• [YOUR GOAL]
Answer with only the number of lines below where "UNSPECIFIED" appears.

────

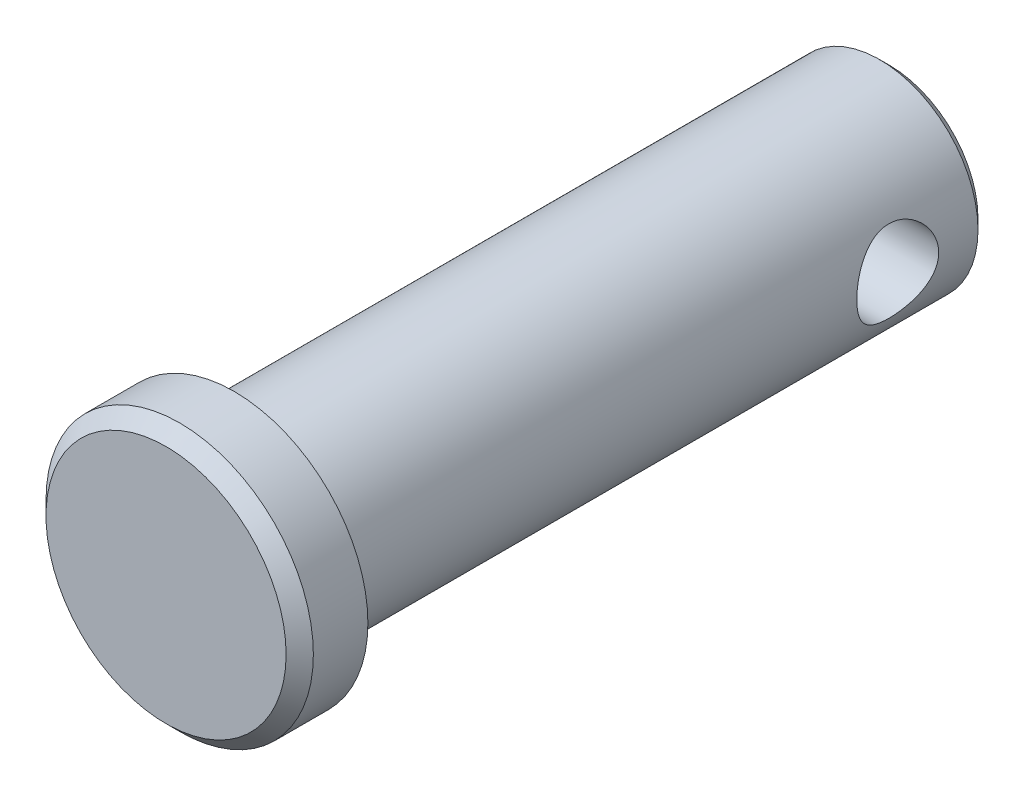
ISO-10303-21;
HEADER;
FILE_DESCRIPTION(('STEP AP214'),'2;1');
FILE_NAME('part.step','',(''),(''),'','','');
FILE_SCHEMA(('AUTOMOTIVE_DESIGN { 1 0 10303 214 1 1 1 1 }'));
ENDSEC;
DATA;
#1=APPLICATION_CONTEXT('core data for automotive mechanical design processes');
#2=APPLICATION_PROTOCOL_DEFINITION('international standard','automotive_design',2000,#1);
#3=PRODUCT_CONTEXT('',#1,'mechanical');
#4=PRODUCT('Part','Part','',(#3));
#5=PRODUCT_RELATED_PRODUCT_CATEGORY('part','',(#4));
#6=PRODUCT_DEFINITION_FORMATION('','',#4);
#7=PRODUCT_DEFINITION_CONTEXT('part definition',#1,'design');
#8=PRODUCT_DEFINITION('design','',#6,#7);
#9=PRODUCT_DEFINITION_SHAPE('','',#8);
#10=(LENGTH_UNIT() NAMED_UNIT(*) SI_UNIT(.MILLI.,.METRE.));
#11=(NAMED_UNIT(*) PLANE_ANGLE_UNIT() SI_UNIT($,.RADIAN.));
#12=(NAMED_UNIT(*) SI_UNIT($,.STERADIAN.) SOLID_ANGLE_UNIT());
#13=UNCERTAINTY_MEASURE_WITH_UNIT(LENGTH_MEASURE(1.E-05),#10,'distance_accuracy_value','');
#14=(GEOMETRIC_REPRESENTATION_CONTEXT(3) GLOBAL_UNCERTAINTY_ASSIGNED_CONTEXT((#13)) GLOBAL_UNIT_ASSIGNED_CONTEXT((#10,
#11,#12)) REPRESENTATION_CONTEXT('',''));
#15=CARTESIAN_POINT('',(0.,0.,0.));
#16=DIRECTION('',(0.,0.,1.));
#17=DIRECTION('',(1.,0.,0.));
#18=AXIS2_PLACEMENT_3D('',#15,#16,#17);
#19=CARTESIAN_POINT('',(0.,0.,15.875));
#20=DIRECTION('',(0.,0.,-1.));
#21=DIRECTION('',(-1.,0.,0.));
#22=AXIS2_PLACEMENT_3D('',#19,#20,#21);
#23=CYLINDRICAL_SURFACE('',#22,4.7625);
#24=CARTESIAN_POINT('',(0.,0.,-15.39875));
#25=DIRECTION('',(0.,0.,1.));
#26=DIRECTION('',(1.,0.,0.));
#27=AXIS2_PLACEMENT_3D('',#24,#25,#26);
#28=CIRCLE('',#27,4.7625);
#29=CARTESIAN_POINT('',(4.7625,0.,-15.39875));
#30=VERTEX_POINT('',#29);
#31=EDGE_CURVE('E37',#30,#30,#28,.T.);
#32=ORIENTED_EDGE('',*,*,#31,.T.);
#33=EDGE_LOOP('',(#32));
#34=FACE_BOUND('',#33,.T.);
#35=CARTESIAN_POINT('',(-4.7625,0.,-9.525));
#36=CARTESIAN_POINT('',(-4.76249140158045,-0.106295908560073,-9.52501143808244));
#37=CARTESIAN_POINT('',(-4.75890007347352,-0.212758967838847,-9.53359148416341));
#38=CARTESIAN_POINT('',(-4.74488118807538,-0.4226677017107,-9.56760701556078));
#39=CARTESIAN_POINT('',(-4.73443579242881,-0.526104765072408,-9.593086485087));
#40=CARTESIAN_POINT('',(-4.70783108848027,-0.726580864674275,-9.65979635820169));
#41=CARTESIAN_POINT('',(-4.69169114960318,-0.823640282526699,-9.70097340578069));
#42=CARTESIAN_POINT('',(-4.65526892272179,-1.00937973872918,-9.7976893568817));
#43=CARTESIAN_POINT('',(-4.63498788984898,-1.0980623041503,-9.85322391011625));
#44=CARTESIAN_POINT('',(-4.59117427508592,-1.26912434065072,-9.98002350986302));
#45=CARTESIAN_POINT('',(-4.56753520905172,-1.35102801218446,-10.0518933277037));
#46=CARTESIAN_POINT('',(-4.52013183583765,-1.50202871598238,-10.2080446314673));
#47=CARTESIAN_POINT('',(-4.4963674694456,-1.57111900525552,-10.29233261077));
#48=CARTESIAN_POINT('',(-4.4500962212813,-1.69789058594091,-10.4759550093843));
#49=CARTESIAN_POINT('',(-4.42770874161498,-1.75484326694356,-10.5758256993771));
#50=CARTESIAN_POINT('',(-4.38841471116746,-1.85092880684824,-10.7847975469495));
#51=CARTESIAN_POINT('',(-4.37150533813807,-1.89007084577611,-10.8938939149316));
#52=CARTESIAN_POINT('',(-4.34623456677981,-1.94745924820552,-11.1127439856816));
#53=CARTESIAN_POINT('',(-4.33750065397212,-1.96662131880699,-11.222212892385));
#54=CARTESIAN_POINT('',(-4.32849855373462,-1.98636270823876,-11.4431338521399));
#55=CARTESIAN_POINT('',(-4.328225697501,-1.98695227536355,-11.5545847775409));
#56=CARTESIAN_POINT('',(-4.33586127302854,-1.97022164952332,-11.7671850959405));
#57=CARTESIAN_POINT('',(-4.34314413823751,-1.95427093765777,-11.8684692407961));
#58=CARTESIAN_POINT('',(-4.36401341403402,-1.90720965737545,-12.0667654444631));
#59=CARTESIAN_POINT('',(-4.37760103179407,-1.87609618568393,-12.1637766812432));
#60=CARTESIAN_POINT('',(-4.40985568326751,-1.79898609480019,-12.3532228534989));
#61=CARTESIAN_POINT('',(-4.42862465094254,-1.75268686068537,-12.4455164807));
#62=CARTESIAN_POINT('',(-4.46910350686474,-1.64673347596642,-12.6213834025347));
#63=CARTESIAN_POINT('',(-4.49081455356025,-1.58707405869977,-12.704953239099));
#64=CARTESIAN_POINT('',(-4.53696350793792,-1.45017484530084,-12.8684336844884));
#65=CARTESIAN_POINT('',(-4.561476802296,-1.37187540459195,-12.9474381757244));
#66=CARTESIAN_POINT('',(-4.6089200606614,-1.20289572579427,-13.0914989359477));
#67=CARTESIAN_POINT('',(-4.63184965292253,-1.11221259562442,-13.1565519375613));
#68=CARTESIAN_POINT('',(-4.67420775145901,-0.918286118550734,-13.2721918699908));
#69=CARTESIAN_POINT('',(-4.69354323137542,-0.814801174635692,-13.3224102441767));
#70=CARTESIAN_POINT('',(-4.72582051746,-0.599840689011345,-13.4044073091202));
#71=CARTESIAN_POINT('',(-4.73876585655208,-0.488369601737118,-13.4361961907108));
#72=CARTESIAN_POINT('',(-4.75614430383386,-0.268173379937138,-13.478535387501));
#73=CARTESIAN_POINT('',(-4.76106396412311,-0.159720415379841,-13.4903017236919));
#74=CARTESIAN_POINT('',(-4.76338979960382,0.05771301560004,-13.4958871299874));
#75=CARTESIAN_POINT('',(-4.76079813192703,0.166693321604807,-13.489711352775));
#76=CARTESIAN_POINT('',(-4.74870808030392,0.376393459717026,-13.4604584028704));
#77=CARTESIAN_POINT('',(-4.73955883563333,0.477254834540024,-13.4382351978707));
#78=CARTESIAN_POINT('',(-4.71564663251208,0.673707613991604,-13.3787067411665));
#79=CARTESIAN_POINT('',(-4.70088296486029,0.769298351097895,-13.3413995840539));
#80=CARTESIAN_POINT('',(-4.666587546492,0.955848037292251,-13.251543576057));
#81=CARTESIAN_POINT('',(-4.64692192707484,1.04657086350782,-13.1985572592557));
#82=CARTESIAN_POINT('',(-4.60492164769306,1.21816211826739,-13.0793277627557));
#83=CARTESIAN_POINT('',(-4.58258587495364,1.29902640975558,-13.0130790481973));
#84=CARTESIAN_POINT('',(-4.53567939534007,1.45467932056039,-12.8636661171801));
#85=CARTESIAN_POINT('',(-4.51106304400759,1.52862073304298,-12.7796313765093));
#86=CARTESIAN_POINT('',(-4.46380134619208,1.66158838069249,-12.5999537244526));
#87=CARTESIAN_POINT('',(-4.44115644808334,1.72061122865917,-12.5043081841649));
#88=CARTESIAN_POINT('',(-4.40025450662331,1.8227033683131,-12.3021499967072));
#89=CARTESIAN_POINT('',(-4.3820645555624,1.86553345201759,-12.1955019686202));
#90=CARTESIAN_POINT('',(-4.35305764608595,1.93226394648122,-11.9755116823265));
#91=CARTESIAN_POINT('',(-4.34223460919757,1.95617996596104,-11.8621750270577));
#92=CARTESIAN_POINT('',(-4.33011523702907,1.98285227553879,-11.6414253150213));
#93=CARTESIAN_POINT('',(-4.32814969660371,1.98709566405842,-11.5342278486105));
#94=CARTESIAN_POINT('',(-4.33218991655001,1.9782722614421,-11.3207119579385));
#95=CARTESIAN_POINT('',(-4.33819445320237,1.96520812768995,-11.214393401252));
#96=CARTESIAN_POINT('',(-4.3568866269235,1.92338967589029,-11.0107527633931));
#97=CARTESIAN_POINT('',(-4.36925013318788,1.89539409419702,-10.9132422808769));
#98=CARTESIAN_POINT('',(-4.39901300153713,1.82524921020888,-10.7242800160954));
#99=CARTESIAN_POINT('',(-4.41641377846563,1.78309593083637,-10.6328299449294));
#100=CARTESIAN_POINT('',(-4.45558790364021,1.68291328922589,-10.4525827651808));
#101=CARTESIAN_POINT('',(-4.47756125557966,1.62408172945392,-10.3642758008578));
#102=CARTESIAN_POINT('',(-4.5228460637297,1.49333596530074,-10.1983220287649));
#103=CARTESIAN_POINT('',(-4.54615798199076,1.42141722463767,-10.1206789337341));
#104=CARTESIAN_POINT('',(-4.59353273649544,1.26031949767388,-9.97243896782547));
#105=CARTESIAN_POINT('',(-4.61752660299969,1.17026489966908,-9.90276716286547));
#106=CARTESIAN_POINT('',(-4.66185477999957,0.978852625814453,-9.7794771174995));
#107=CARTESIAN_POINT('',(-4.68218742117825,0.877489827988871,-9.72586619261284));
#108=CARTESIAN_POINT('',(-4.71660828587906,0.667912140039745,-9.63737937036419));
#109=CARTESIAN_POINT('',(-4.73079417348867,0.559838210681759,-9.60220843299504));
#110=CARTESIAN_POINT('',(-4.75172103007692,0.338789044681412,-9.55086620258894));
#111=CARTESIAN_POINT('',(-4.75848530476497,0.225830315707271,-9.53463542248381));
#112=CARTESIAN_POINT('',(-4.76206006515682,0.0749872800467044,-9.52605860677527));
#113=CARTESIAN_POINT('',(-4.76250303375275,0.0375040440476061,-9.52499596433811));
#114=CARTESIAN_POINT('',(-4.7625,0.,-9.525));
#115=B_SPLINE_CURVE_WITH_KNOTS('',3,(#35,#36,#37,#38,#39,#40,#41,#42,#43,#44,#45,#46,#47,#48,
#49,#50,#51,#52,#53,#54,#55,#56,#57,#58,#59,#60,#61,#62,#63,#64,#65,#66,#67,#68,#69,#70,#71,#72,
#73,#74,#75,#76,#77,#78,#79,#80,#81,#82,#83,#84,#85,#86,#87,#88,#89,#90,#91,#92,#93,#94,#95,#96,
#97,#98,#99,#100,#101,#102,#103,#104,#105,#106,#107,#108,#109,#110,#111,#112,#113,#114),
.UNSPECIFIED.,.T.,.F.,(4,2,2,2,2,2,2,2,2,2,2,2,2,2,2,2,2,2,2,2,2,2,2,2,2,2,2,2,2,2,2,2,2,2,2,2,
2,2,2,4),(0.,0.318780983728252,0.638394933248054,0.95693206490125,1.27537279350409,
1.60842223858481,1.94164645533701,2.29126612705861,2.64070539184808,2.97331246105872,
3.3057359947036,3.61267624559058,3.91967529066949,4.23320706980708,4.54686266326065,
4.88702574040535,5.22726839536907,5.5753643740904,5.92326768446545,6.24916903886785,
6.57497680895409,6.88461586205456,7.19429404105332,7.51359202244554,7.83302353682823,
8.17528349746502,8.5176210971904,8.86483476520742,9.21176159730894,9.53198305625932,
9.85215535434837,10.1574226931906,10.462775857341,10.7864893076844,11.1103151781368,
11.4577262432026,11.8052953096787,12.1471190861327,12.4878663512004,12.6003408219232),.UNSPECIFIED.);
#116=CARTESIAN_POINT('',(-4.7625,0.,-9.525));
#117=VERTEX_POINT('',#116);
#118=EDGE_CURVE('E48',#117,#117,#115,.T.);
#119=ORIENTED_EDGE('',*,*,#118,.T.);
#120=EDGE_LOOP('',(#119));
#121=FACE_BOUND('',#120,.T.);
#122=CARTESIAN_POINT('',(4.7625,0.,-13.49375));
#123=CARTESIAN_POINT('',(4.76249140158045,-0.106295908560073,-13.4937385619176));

────

• [ANSWER SPACE]
2